Notice that $$\int_{x}^\infty \mathrm{e}^{-t^2/2}\,\mathrm{d}t\ge \int_{x}^{x+1/x} \mathrm{e}^{-t^2/2}\,\mathrm{d}t\ge\int_{x}^{x+1/x} \mathrm{e}^{-(x+1/x)^2/2}\,\mathrm{d}t=\frac 1x\mathrm{e}^{-\frac{x^2+2+1/x^2}{2}}.$$

So when taking logarithms, we have $\log(\int_{x}^\infty \mathrm{e}^{-t^2/2}\,\mathrm{d}t)\ge-\frac{x^2}{2}+O(\log x)$.

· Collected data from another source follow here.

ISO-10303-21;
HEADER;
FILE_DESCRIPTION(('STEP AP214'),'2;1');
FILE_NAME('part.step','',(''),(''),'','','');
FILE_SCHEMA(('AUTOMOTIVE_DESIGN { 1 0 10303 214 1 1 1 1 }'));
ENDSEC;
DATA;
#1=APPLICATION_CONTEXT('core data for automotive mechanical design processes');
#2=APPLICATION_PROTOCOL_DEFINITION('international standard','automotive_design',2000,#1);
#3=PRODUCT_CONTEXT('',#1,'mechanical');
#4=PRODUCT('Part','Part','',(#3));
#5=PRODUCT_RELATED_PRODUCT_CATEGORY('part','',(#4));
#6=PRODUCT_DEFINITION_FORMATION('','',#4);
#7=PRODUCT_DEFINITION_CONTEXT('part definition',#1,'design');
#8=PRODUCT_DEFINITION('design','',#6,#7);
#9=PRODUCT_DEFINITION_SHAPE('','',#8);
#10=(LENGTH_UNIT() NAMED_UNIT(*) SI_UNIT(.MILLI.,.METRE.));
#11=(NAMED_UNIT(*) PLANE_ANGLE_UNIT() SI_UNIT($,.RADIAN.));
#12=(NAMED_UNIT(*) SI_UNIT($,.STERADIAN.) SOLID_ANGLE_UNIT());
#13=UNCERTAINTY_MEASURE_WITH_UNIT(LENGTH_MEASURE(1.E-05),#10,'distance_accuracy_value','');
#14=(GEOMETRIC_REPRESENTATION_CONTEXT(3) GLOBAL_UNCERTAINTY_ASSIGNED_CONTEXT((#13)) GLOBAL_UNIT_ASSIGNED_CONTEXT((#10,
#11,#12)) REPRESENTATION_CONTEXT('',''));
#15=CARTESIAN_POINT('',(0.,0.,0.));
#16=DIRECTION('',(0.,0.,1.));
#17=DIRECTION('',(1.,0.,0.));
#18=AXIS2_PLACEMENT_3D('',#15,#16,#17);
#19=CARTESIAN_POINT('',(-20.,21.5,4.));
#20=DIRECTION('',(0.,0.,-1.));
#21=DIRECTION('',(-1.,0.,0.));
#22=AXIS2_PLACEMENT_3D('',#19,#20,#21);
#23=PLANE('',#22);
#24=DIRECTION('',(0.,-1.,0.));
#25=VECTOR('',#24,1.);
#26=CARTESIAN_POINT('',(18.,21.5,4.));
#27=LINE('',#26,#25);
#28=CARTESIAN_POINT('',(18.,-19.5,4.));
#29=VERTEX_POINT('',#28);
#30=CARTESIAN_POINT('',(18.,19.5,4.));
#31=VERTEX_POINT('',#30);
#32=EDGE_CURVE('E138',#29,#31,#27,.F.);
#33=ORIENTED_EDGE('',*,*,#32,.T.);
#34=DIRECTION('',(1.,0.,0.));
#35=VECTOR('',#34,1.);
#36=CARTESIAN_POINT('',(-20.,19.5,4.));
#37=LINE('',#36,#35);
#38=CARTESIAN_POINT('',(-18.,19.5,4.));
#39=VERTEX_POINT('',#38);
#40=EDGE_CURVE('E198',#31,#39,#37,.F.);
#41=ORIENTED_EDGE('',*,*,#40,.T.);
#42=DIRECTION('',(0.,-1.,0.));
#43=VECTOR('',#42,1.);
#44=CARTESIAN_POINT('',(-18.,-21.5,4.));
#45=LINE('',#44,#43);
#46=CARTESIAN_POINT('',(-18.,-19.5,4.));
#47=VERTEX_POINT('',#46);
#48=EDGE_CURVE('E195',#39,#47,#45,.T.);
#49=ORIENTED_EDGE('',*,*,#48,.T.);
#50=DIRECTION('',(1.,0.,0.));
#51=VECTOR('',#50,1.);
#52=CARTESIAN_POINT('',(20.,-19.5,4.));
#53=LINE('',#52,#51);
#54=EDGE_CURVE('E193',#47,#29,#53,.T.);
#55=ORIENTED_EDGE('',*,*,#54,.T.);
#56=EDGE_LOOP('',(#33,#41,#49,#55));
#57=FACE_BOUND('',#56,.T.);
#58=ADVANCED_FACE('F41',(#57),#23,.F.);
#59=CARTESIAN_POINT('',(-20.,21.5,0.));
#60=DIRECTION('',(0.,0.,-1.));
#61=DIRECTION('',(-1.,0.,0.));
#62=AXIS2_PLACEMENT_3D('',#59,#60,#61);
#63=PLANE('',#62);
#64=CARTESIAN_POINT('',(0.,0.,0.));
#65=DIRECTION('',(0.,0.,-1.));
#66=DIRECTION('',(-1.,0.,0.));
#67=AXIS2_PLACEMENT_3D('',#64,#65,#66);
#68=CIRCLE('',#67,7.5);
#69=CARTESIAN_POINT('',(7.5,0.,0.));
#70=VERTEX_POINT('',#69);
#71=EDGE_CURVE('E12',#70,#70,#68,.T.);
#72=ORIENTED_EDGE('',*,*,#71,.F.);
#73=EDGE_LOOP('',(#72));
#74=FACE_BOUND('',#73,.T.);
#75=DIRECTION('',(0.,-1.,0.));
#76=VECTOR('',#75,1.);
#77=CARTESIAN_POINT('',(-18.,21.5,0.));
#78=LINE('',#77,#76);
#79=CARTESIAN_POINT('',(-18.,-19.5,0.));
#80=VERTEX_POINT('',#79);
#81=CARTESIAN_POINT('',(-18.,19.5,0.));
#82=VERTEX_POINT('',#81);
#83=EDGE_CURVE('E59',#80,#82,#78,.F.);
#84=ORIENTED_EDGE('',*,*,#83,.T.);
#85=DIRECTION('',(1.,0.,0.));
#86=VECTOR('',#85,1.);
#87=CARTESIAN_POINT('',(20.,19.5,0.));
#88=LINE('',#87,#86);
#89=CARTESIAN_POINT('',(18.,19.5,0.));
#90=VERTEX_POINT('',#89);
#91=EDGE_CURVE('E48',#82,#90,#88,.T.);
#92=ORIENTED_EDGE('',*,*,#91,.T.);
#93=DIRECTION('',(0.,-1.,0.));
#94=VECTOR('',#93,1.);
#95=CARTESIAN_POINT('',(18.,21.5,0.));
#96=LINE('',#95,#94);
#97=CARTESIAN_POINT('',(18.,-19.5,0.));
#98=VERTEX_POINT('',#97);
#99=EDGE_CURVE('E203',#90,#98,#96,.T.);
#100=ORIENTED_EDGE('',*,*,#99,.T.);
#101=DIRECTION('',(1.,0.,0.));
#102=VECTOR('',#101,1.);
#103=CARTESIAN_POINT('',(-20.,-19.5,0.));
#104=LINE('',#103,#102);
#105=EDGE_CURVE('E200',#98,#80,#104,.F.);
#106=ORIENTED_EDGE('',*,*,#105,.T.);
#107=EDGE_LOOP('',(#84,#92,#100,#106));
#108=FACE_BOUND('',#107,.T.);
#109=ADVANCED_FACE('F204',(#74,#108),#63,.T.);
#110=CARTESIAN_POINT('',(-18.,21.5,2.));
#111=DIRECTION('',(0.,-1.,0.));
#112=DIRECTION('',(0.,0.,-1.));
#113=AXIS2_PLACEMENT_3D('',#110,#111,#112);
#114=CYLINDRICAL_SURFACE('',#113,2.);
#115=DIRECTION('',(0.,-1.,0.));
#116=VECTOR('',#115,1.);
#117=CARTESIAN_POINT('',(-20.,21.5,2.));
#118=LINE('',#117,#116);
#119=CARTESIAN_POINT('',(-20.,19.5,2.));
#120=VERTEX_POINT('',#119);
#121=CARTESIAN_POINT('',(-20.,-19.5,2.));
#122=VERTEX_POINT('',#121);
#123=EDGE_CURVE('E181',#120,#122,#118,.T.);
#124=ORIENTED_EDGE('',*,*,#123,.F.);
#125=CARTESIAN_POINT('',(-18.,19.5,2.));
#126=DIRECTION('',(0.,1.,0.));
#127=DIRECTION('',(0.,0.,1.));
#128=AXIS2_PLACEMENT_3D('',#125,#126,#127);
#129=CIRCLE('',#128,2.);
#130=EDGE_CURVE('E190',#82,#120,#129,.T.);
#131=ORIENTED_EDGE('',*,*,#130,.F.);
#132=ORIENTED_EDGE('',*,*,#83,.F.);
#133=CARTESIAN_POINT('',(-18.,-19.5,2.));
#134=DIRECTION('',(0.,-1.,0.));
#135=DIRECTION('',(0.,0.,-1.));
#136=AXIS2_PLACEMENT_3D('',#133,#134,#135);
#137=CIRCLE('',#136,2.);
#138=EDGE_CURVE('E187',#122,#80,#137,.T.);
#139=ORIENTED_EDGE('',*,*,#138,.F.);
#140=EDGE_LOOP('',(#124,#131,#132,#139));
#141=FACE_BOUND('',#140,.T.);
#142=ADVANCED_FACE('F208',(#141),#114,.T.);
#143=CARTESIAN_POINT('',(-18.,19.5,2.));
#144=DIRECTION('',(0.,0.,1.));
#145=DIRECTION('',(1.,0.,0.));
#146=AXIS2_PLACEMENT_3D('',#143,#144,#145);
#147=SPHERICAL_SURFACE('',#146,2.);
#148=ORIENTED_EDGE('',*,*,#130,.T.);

Furthermore, notice that for $t\ge x$, we have $t^2\ge x^2+2x(t-x)$. So we have, for $x>0$,

$$\int_{x}^\infty \mathrm{e}^{-t^2/2}\,\mathrm{d}t\le \int_{x}^{\infty} \mathrm{e}^{\frac{-x^2-2x(t-x)}{2}}\,\mathrm{d}t=\mathrm{e}^{\frac{-x^2}{2}}\int_{x}^{\infty} \mathrm{e}^{-x(t-x)}\,\mathrm{d}t=\mathrm{e}^{\frac{-x^2}{2}}\int_{0}^{\infty} \mathrm{e}^{-xt}\,\mathrm{d}t=\mathrm{e}^{\frac{-x^2}{2}}\frac{1}{x}.$$

So when taking logarithms, we also have $\log(\int_{x}^\infty \mathrm{e}^{-t^2/2}\,\mathrm{d}t)\le-\frac{x^2}{2}+O(\log x)$.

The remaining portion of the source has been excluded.